Geometric models for quasicrystals I. Delone sets of finite type

Abstract

This paper studies three classes of discrete sets X in ℝn which have a weak translational order imposed by increasingly strong restrictions on their sets of interpoint vectors X - X. A finitely generated Delone set is one such that the abelian group [X - X] generated by X - X is finitely generated, so that [X - X] is a lattice or a quasilattice. For such sets the abelian group [X] is finitely generated, and by choosing a basis of [X] one obtains a homomorphism φ: [X] → ℤs. A Delone set of finite type is a Delone set X such that X - X is a discrete closed set. A Meyer set is a Delone set X such that X - X is a Delone set. Delone sets of finite type form a natural class for modeling quasicrystalline structures, because the property of being a Delone set of finite type is determined by "local rules." That is, a Delone set X is of finite type if and only if it has a finite number of neighborhoods of radius 2R, up to translation, where R is the relative denseness constant of X. Delone sets of finite type are also characterized as those finitely generated Delone sets such that the map φ satisfies the Lipschitz-type condition ∥φ(x) - φ(x′)∥ < C∥x - x′∥for x, x′ ∈ X, where the norms ∥ • ∥ are Euclidean norms on ℝs and ℝn, respectively.
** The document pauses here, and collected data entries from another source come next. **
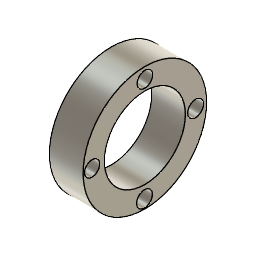
3rd project (Autodesk Fusion 360 design; units mm, degrees)
part number: 2025-07-20-15-59-38-084
Autodesk Fusion 360 part; units mm, degrees
sketch "Sketch1" plane through (0, 0, 0) normal (1, 0, 0) x (0, 1, 0)
  circle A0 centre (0, 0) radius 1.4616
  circle A1 centre (0, 0) radius 0.9577
  circle A2 centre (0, 1.2) radius 0.1839
  circle A3 centre (1.2, 0) radius 0.1879
  circle A4 centre (-1.2505, -0.0025) radius 0.1794
  circle A5 centre (-0.0098, -1.2481) radius 0.1875
  constraint coincident A0.centre A1.centre
  constraint concentric A0 A1
extrude "Extrude1" add sketch "Sketch1" along normal blind 0.8
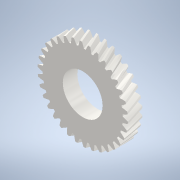
# Autodesk Inventor part: Цилиндрическое зубчатое зацепление1
Saved by Autodesk Inventor 2021 (Build 250183000, 183)
## iProperties
Created: 2021-03-22
Part Number: Цилиндрическое зубчатое зацепление1
Material: Steel
Document SubType Name: Modeling
Designer: Данил
Categories: <?xml version="1.0" encoding="UTF-16"?> <MemberInstance><Categories><FamilyTemplate><FamilyTemplateParameter ValueType="xs:double" Id="1" ObjectReferenceKey="da_z" ObjectType="kUserParameterObject"/><FamilyTemplateParameter ValueType="xs:double" Id="2" ObjectReferenceKey="da_b" ObjectType="kUserParameterObject"/><FamilyTemplateParameter ValueType="xs:double" Id="3" ObjectReferenceKey="da_beta" ObjectType="kUserParameterObject"/><FamilyTemplateParameter ValueType="xs:double" Id="4" ObjectReferenceKey="da_da" ObjectType="kUserParameterObject"/><FamilyTemplateParameter ValueType="xs:double" Id="5" ObjectReferenceKey="da_aw" ObjectType="kUserParameterObject"/><FamilyTemplateParameter ValueType="xs:string" Id="6" ObjectReferenceKey="EAIAABAAAACIAQAAAAAAAIAAAAAAAAAA" ObjectType="83910656" SubObjectId="SurfaceGeometry"/></FamilyTemplate><ParamToTemplateMap><ParamToTemplate CategoryParameter="//CategoryParameter[@InternalName='046C89C9-8512-4d59-83FE-43B91F4F132A']" TemplateParameter="1"/><ParamToTemplate CategoryParameter="//CategoryParameter[@InternalName='2552DF32-E462-4b46-AEBF-C6C7768E72AC']" TemplateParameter="2"/><ParamToTemplate CategoryParameter="//CategoryParameter[@InternalName='C9EE641D-15FC-4fae-A226-E94C4372FDD7']" TemplateParameter="3"/><ParamToTemplate><ParamToTemplate CategoryParameter="//CategoryParameter[@InternalName='00B6519A-459B-49c7-AD84-2E56D39A5744']" ConstantValue="0.000000"/></ParamToTemplate><ParamToTemplate><ParamToTemplate CategoryParameter="//CategoryParameter[@InternalName='04B31F0E-C7A6-4894-AA32-9629BEFACF47']" ConstantValue="1.000000"/></ParamToTemplate><ParamToTemplate><ParamToTemplate CategoryParameter="//CategoryParameter[@InternalName='43CBEC2E-7847-49e7-A936-2F7889FCB2D9']" ConstantValue="0.250000"/></ParamToTemplate><ParamToTemplate><ParamToTemplate CategoryParameter="//CategoryParameter[@InternalName='B1EFC894-105D-4ebd-86BF-FA20ED196853']" ConstantValue="0.300000"/></ParamToTemplate><ParamToTemplate><ParamToTemplate CategoryParameter="//CategoryParameter[@InternalName='51175063-3D10-4879-93E8-6246FE8B403D']" ConstantValue="2060000000.000000"/></ParamToTemplate><ParamToTemplate><ParamToTemplate CategoryParameter="//CategoryParameter[@InternalName='A3A52E27-4454-46a9-B0BD-C932399B70AF']" ConstantValue="0.300000"/></ParamToTemplate><ParamToTemplate><ParamToTemplate CategoryParameter="//CategoryParameter[@InternalName='91B76062-C214-41d9-B1B9-14D2AB99603D']" ConstantValue="0.350000"/></ParamToTemplate><ParamToTemplate><ParamToTemplate CategoryParameter="//CategoryParameter[@InternalName='374E806E-8B8A-4dda-A9AA-1039D6500AD2']" ConstantValue="2.857143"/></ParamToTemplate><ParamToTemplate><ParamToTemplate CategoryParameter="//CategoryParameter[@InternalName='2D373A89-B862-43d6-8D0B-0CBF12AB9F6C']" ConstantValue="0.349066"/></ParamToTemplate><ParamToTemplate CategoryParameter="//CategoryParameter[@InternalName='37777632-D6A2-4fac-9D53-DB8ACD95C989']" TemplateParameter="4"/><ParamToTemplate CategoryParameter="//CategoryParameter[@InternalName='FD1017F1-B727-4f7e-9707-0F86F1FF9423']" TemplateParameter="5"/><ParamToTemplate><ParamToTemplate CategoryParameter="//CategoryParameter[@InternalName='9E1B4470-B2D3-4ff1-B813-535BB4CDF51A']" ConstantValue="3520000.000000"/></ParamToTemplate><ParamToTemplate><ParamToTemplate CategoryParameter="//CategoryParameter[@InternalName='F8452263-BFF6-458c-9FB1-07C4B99E95CD']" ConstantValue="11400000.000000"/></ParamToTemplate><ParamToTemplate><ParamToTemplate CategoryParameter="//CategoryParameter[@InternalName='3E3BB259-FD49-497f-8171-6EBC954A3479']" ConstantValue="2.000000"/></ParamToTemplate><ParamToTemplate CategoryParameter="//CategoryParameter[@InternalName='27C3BAF2-7550-4e4b-AE2C-0DB134B7D9B7']" TemplateParameter="6"/></ParamToTemplateMap><Category DisplayName="Gear" InternalName="DC85795E-93AB-48d5-8EEE-5A27447B64BD" Mnemonic="Gear"><CategoryParameter DisplayName="z" InternalName="046C89C9-8512-4d59-83FE-43B91F4F132A" Mnemonic="z"/><CategoryParameter DisplayName="b" InternalName="2552DF32-E462-4b46-AEBF-C6C7768E72AC" Mnemonic="b"/><CategoryParameter DisplayName="||b|" InternalName="C9EE641D-15FC-4fae-A226-E94C4372FDD7" Mnemonic="beta"/><CategoryParameter DisplayName="x" InternalName="00B6519A-459B-49c7-AD84-2E56D39A5744" Mnemonic="x"/><CategoryParameter DisplayName="a*" InternalName="04B31F0E-C7A6-4894-AA32-9629BEFACF47" Mnemonic="a"/><CategoryParameter DisplayName="c*" InternalName="43CBEC2E-7847-49e7-A936-2F7889FCB2D9" Mnemonic="c"/><CategoryParameter DisplayName="r|.f|*" InternalName="B1EFC894-105D-4ebd-86BF-FA20ED196853" Mnemonic="rf"/><CategoryParameter DisplayName="E" InternalName="51175063-3D10-4879-93E8-6246FE8B403D" Mnemonic="E"/><CategoryParameter DisplayName="||m|" InternalName="A3A52E27-4454-46a9-B0BD-C932399B70AF" Mnemonic="mi"/><Category DisplayName="SpurGear" InternalName="26C5A22E-A91E-4dfd-A3B3-23CCAFAE1764" Mnemonic="SpurGear"><CategoryParameter DisplayName="m" InternalName="91B76062-C214-41d9-B1B9-14D2AB99603D" Mnemonic="m"/><CategoryParameter DisplayName="P" InternalName="374E806E-8B8A-4dda-A9AA-1039D6500AD2" Mnemonic="PP"/><CategoryParameter DisplayName="||a|" InternalName="2D373A89-B862-43d6-8D0B-0CBF12AB9F6C" Mnemonic="alpha"/><CategoryParameter DisplayName="d|.a|" InternalName="37777632-D6A2-4fac-9D53-DB8ACD95C989" Mnemonic="da"/><CategoryParameter DisplayName="a|.w|" InternalName="FD1017F1-B727-4f7e-9707-0F86F1FF9423" Mnemonic="aw"/><CategoryParameter DisplayName="||s||.Flim|" InternalName="9E1B4470-B2D3-4ff1-B813-535BB4CDF51A" Mnemonic="sFlim"/><CategoryParameter DisplayName="||s||.Hlim|" InternalName="F8452263-BFF6-458c-9FB1-07C4B99E95CD" Mnemonic="sHlim"/><CategoryParameter DisplayName="тип" InternalName="3E3BB259-FD49-497f-8171-6EBC954A3479" Mnemonic="type"/><CategoryParameter DisplayName="PitchDiameter" InternalName="27C3BAF2-7550-4e4b-AE2C-0DB134B7D9B7" Mnemonic="IDS_PITCHDIAM"/></Category></Category></Categories></MemberInstance>
Density: 1 g/cm^3
Appearance: Steel
CustomPartVersion: 1
Author: Данил
Autodesk Inventor part; units mm, degrees
ref_plane "YZ Plane" through (0, 0, 0) normal (1, 0, 0) x (0, 1, 0)
ref_plane "XZ Plane" through (0, 0, 0) normal (0, 1, 0) x (-1, 0, 0)
ref_plane "XY Plane" through (0, 0, 0) normal (0, 0, 1) x (1, 0, 0)
sketch "Sketch1" plane through (0, 0, 0) normal (0, 0, 1) x (1, 0, 0)
  circle A0 centre (0, 0) radius 68.1384
  dimension "d0" = 136.2769
  constraints: 1 centre point
  measures "d0" diameter of A0
extrude "Extrusion1" add sketch "Sketch1" along normal blind 22
ref_plane "Work Plane2" through (0, 0, 11) normal (0, 0, 1) x (1, 0, 0)
sketch "Sketch2" plane through (0, 0, 0) normal (0, 0, -1) x (-1, 0, 0)
  circle A0 centre (0, 0) radius 68.1384 projected
  circle A1 centre (0, 0) radius 64.6384
  dimension "d3" = 129.2769
  constraints: 1 centre point, 1 coincident
  measures "d3" diameter of A1
surface extrude "Средний диаметр" sketch "Sketch2" against normal through all shown no curves A1
ref_plane "Work Plane8" through (0, 0, 0) normal (0.9957342, 0.0922684, 0) x (0, 0, 1)
ref_plane "Work Plane9" through (0, 0, 0) normal (1, 0, 0) x (0, 1, 0)
spur gear teeth "Цилиндрическое зубчатое зацепление" teeth 34 pitch diameter 129.2769 tip diameter 136.2769 root diameter 120.5269 face width 22 helix angle 23 hand left start plane through (0, 0, 0) normal (0, 0, -1) x (-1, 0, 0)
sketch "Эскиз3" plane through (0, 0, 22) normal (0, 0, 1) x (1, 0, 0)
  circle A0 centre (0, 0) radius 30
  dimension "d49" = 60
  constraints: 1 centre point, 1 coincident
  measures "d49" diameter of A0
extrude "Выдавливание2" cut sketch "Эскиз3" against normal through all
chamfer "Фаска1" distance 1 angle 45 34 edges at (22.0328, 64.4779, 22) (33.5055, 59.3315, 22) (43.8371, 52.1647, 22) (52.6759, 43.2214, 22) (59.7209, 32.8063, 22) (64.7322, 21.2741, 22) (67.5391, 9.0173, 22) (68.0461, -3.5465, 22) (66.2358, -15.9896, 22) (62.1699, -27.8881, 22) (55.9869, -38.837, 22) (47.8974, -48.4633, 22) (38.1767, -56.4392, 22) (27.156, -62.4932, 22) (15.2106, -66.419, 22) (2.7471, -68.083, 22) (-9.8099, -67.4286, 22) (-22.0328, -64.4779, 22) (-33.5055, -59.3315, 22) (-43.8371, -52.1647, 22) (-52.6759, -43.2214, 22) (-59.7209, -32.8063, 22) (-64.7322, -21.2741, 22) (-67.5391, -9.0173, 22) (-68.0461, 3.5465, 22) (-66.2358, 15.9896, 22) (-62.1699, 27.8881, 22) (-55.9869, 38.837, 22) (-47.8974, 48.4633, 22) (-38.1767, 56.4392, 22) (-27.156, 62.4932, 22) (-15.2106, 66.419, 22) (-2.7471, 68.083, 22) (9.8099, 67.4286, 22) measured on face at (-33.2596, -58.8962, 22) measured on face at (-67.0435, -8.9511, 22) measured on face at (-67.5468, 3.5205, 22) measured on face at (-21.8711, -64.0048, 22) measured on face at (64.2572, 21.1179, 22) measured on face at (26.9568, -62.0346, 22) measured on face at (-37.8966, 56.0251, 22) measured on face at (-9.7379, -66.9338, 22) measured on face at (-64.2572, -21.1179, 22) measured on face at (-61.7137, 27.6835, 22) measured on face at (47.5459, -48.1076, 22) measured on face at (-15.0989, 65.9316, 22) measured on face at (-59.2827, -32.5656, 22) measured on face at (-47.5459, 48.1076, 22) measured on face at (9.7379, 66.9338, 22) measured on face at (-43.5154, -51.7819, 22) measured on face at (15.0989, -65.9316, 22) measured on face at (43.5154, 51.7819, 22) measured on face at (67.0435, 8.9511, 22) measured on face at (33.2596, 58.8962, 22) measured on face at (2.727, -67.5834, 22) measured on face at (-52.2894, -42.9043, 22) measured on face at (-55.5761, 38.552, 22) measured on face at (-2.727, 67.5834, 22) measured on face at (59.2827, 32.5656, 22) measured on face at (37.8966, -56.0251, 22) measured on face at (-65.7498, 15.8722, 22) measured on face at (61.7137, -27.6835, 22) measured on face at (65.7498, -15.8722, 22) measured on face at (55.5761, -38.552, 22) measured on face at (21.8711, 64.0048, 22) measured on face at (67.5468, -3.5205, 22) measured on face at (52.2894, 42.9043, 22) measured on face at (-26.9568, 62.0346, 22)
chamfer "Фаска2" distance 1 angle 45 34 edges at (12.5204, 66.9783, 0) (0, 68.1384, 0) (-12.5204, 66.9783, 0) (-24.6144, 63.5372, 0) (-35.8703, 57.9325, 0) (-45.9046, 50.3549, 0) (-54.3757, 41.0626, 0) (-60.995, 30.3719, 0) (-65.5373, 18.647, 0) (-67.8478, 6.287, 0) (-67.8478, -6.287, 0) (-65.5373, -18.647, 0) (-60.995, -30.3719, 0) (-54.3757, -41.0626, 0) (-45.9046, -50.3549, 0) (-35.8703, -57.9325, 0) (-24.6144, -63.5372, 0) (-12.5204, -66.9783, 0) (0, -68.1384, 0) (12.5204, -66.9783, 0) (24.6144, -63.5372, 0) (35.8703, -57.9325, 0) (45.9046, -50.3549, 0) (54.3757, -41.0626, 0) (60.995, -30.3719, 0) (65.5373, -18.647, 0) (67.8478, -6.287, 0) (67.8478, 6.287, 0) (65.5373, 18.647, 0) (60.995, 30.3719, 0) (54.3757, 41.0626, 0) (45.9046, 50.3549, 0) (35.8703, 57.9325, 0) (24.6144, 63.5372, 0) measured on face at (-65.0564, 18.5101, 0) measured on face at (-35.6071, -57.5074, 0) measured on face at (12.4285, -66.4868, 0) measured on face at (-67.3499, 6.2409, 0) measured on face at (-60.5475, -30.149, 0) measured on face at (45.5677, -49.9854, 0) measured on face at (60.5475, -30.149, 0) measured on face at (24.4338, 63.071, 0) measured on face at (-45.5677, -49.9854, 0) measured on face at (53.9766, 40.7613, 0) measured on face at (12.4285, 66.4868, 0) measured on face at (60.5475, 30.149, 0) measured on face at (0, -67.6384, 0) measured on face at (-53.9766, -40.7613, 0) measured on face at (-60.5475, 30.149, 0) measured on face at (-24.4338, -63.071, 0) measured on face at (35.6071, 57.5074, 0) measured on face at (67.3499, -6.2409, 0) measured on face at (35.6071, -57.5074, 0) measured on face at (67.3499, 6.2409, 0) measured on face at (65.0564, 18.5101, 0) measured on face at (-65.0564, -18.5101, 0) measured on face at (-45.5677, 49.9854, 0) measured on face at (53.9766, -40.7613, 0) measured on face at (0, 67.6384, 0) measured on face at (-24.4338, 63.071, 0) measured on face at (-12.4285, -66.4868, 0) measured on face at (24.4338, -63.071, 0) measured on face at (45.5677, 49.9854, 0) measured on face at (-53.9766, 40.7613, 0) measured on face at (-35.6071, 57.5074, 0) measured on face at (-67.3499, -6.2409, 0) measured on face at (65.0564, -18.5101, 0) measured on face at (-12.4285, 66.4868, 0)
equation "\"d0\" = da_da"
equation "\"d1\" = da_b"
equation "\"d3\" = da_d"
equation "\"d16\" = da_aw"
equation "\"d43\" = da_aw"
equation "\"d46\" = da_aw"
equation "\"da_da\" = 136.276885"
equation "\"da_b\" = 22"
equation "\"da_d\" = 129.276885"
equation "\"da_aw\" = 201.51985"
body "Solid1"
body "Srf1"

Meyer sets are characterized as the subclass of Delone sets of finite type for which there is a linear map L̃: ℝn → ℝs and a constant C such that ∥φ(x) - L̃(x)∥ ≤ C for all x ∈ X. Suppose that X is a Delone set with an inflation symmetry, which is a real number η > 1 such that ηX ⊆ X. If X is a finitely generated Delone set, then η must be an algebraic integer; if X is a Delone set of finite type, then in addition all algebraic conjugates |η′| ≤ η; and if X is a Meyer set, then all algebraic conjugates \η′\ ≤ 1.